=== Section Start ===

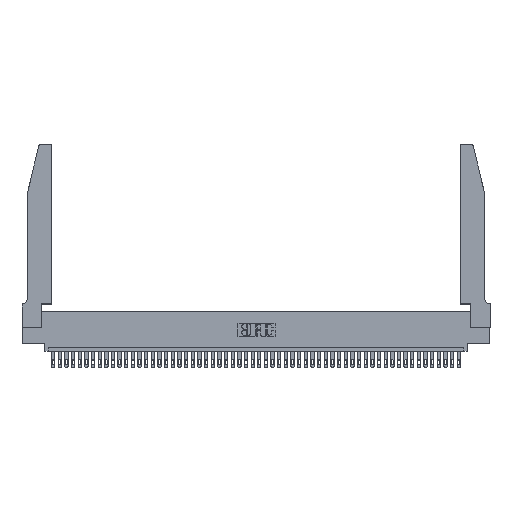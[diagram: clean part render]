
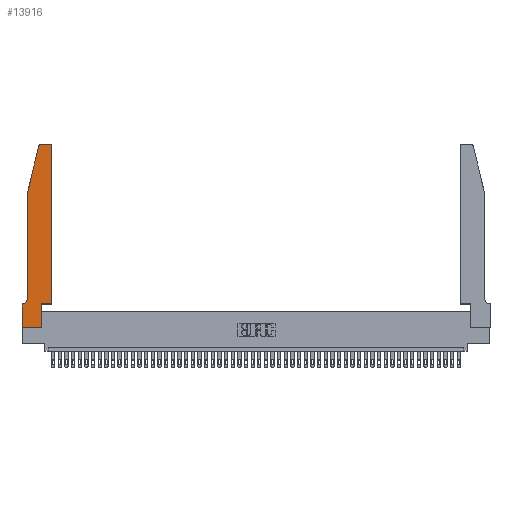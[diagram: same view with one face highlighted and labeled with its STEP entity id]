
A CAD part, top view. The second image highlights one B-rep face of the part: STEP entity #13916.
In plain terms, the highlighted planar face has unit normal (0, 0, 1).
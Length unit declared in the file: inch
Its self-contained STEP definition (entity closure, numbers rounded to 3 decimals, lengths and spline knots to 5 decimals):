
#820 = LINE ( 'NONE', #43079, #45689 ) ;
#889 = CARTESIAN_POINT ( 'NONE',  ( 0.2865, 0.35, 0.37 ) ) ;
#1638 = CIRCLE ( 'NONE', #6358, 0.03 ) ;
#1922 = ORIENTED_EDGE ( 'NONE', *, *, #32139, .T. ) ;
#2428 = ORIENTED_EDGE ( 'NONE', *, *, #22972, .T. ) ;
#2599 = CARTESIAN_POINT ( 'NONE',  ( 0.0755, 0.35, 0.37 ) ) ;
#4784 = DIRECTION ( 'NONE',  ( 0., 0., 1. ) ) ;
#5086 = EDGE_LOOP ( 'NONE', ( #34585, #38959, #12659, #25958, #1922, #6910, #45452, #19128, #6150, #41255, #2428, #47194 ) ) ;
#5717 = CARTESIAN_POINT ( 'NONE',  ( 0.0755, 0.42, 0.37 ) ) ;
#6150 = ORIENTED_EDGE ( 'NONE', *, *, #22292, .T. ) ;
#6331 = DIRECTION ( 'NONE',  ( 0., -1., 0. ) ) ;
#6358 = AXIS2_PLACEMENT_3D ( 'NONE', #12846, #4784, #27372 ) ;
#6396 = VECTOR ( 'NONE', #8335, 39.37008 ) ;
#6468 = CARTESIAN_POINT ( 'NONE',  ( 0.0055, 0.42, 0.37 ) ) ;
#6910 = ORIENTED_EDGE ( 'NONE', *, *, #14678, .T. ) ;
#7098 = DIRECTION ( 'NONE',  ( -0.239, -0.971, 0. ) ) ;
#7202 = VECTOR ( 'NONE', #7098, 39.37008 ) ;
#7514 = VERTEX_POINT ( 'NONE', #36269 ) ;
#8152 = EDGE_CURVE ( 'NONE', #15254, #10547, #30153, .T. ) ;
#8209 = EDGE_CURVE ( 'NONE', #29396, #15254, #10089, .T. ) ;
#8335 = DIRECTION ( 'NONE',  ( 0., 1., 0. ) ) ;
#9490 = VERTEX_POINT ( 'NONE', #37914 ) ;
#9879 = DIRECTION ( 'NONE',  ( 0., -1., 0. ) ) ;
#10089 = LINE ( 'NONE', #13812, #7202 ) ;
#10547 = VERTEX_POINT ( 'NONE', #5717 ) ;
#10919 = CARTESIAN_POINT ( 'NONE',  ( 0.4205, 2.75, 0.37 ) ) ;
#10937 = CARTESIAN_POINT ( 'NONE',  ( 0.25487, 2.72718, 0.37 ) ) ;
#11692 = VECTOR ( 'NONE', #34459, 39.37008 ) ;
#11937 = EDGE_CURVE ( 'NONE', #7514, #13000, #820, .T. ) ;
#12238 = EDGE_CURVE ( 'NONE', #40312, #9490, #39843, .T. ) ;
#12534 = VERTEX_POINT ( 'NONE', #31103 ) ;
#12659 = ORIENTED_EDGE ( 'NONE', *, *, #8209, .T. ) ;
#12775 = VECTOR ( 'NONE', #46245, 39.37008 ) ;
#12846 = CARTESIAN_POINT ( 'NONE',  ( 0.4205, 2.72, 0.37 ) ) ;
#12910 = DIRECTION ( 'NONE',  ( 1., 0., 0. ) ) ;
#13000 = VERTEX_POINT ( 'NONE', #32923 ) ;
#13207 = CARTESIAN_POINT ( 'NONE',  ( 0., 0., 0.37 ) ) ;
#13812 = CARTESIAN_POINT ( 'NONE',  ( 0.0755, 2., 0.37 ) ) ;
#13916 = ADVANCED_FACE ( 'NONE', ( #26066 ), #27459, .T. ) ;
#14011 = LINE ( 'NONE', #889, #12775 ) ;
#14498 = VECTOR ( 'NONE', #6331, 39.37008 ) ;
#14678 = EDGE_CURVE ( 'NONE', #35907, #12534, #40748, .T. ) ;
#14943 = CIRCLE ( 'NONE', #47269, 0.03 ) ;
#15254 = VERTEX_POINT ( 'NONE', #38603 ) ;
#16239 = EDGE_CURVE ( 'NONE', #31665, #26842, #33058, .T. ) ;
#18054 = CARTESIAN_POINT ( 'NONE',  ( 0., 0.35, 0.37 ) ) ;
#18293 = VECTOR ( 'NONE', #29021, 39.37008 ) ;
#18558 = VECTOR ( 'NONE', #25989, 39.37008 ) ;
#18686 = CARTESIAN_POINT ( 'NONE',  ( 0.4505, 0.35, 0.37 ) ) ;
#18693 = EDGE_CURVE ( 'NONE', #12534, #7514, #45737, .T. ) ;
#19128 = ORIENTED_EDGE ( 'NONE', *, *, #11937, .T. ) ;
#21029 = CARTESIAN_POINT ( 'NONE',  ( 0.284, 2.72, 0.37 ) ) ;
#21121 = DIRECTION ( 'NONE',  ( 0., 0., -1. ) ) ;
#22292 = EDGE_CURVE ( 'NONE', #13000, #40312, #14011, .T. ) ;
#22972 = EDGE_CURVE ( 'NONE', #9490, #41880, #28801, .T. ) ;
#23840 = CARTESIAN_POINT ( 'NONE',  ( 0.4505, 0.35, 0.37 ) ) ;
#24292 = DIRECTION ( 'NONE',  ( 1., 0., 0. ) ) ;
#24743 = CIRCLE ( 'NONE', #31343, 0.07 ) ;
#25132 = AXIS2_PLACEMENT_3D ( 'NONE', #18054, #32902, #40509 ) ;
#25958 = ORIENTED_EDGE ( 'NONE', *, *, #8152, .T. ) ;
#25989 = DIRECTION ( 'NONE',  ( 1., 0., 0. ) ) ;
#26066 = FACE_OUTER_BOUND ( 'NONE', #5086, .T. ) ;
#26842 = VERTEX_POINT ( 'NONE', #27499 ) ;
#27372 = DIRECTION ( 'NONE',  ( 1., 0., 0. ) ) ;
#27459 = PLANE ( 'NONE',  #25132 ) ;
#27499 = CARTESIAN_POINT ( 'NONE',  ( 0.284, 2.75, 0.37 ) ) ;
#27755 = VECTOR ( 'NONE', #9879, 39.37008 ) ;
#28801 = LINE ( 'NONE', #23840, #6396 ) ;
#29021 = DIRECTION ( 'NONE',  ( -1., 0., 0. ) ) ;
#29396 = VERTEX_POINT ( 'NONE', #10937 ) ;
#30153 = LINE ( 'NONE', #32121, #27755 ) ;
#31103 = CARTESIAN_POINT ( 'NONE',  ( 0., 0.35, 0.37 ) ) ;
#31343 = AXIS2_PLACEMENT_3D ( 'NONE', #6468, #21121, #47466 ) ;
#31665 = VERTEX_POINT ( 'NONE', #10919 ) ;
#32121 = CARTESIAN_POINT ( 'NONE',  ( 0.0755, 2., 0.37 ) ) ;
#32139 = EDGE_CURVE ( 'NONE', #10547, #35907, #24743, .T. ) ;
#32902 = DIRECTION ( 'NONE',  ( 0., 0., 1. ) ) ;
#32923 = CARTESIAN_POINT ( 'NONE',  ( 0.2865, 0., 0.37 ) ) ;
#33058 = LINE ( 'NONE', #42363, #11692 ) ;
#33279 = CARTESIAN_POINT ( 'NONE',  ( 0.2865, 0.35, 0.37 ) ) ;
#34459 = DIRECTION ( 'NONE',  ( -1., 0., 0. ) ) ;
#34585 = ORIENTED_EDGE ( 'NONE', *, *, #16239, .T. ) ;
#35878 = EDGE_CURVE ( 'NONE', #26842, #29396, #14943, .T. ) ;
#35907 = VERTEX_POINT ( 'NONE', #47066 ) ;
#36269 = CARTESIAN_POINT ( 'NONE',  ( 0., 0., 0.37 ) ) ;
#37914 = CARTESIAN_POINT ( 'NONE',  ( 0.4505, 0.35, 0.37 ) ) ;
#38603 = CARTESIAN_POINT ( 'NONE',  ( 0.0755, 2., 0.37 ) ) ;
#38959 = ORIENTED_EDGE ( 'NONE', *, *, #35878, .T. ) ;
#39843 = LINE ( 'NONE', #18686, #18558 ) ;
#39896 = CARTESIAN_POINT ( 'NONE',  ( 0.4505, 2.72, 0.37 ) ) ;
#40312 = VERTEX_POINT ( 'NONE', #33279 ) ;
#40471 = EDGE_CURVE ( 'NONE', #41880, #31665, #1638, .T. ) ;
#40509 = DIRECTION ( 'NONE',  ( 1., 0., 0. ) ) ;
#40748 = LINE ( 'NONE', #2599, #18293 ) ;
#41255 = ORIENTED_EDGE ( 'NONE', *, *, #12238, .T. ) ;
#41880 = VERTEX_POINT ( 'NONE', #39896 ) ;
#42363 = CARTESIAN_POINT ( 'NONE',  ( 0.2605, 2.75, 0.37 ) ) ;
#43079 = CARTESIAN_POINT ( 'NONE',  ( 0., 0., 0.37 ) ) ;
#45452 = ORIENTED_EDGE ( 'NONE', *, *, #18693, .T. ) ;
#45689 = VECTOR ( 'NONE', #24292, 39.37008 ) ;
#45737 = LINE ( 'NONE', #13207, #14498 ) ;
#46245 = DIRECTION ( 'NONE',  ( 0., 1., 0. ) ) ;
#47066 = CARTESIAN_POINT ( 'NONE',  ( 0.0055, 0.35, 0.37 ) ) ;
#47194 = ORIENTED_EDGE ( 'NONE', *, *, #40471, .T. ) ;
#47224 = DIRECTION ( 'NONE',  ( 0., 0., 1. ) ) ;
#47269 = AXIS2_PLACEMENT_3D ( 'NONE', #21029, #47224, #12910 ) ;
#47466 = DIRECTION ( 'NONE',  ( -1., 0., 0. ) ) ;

=== Section End ===

Aim of the task
Please copy, exactly and with nothing else, the lines above beginning at the line that has "#38603 = CARTESIAN_POINT" and ending with the line that has "#47194 = ORIENTED_EDGE".

Task response
#38603 = CARTESIAN_POINT ( 'NONE',  ( 0.0755, 2., 0.37 ) ) ;
#38959 = ORIENTED_EDGE ( 'NONE', *, *, #35878, .T. ) ;
#39843 = LINE ( 'NONE', #18686, #18558 ) ;
#39896 = CARTESIAN_POINT ( 'NONE',  ( 0.4505, 2.72, 0.37 ) ) ;
#40312 = VERTEX_POINT ( 'NONE', #33279 ) ;
#40471 = EDGE_CURVE ( 'NONE', #41880, #31665, #1638, .T. ) ;
#40509 = DIRECTION ( 'NONE',  ( 1., 0., 0. ) ) ;
#40748 = LINE ( 'NONE', #2599, #18293 ) ;
#41255 = ORIENTED_EDGE ( 'NONE', *, *, #12238, .T. ) ;
#41880 = VERTEX_POINT ( 'NONE', #39896 ) ;
#42363 = CARTESIAN_POINT ( 'NONE',  ( 0.2605, 2.75, 0.37 ) ) ;
#43079 = CARTESIAN_POINT ( 'NONE',  ( 0., 0., 0.37 ) ) ;
#45452 = ORIENTED_EDGE ( 'NONE', *, *, #18693, .T. ) ;
#45689 = VECTOR ( 'NONE', #24292, 39.37008 ) ;
#45737 = LINE ( 'NONE', #13207, #14498 ) ;
#46245 = DIRECTION ( 'NONE',  ( 0., 1., 0. ) ) ;
#47066 = CARTESIAN_POINT ( 'NONE',  ( 0.0055, 0.35, 0.37 ) ) ;
#47194 = ORIENTED_EDGE ( 'NONE', *, *, #40471, .T. ) ;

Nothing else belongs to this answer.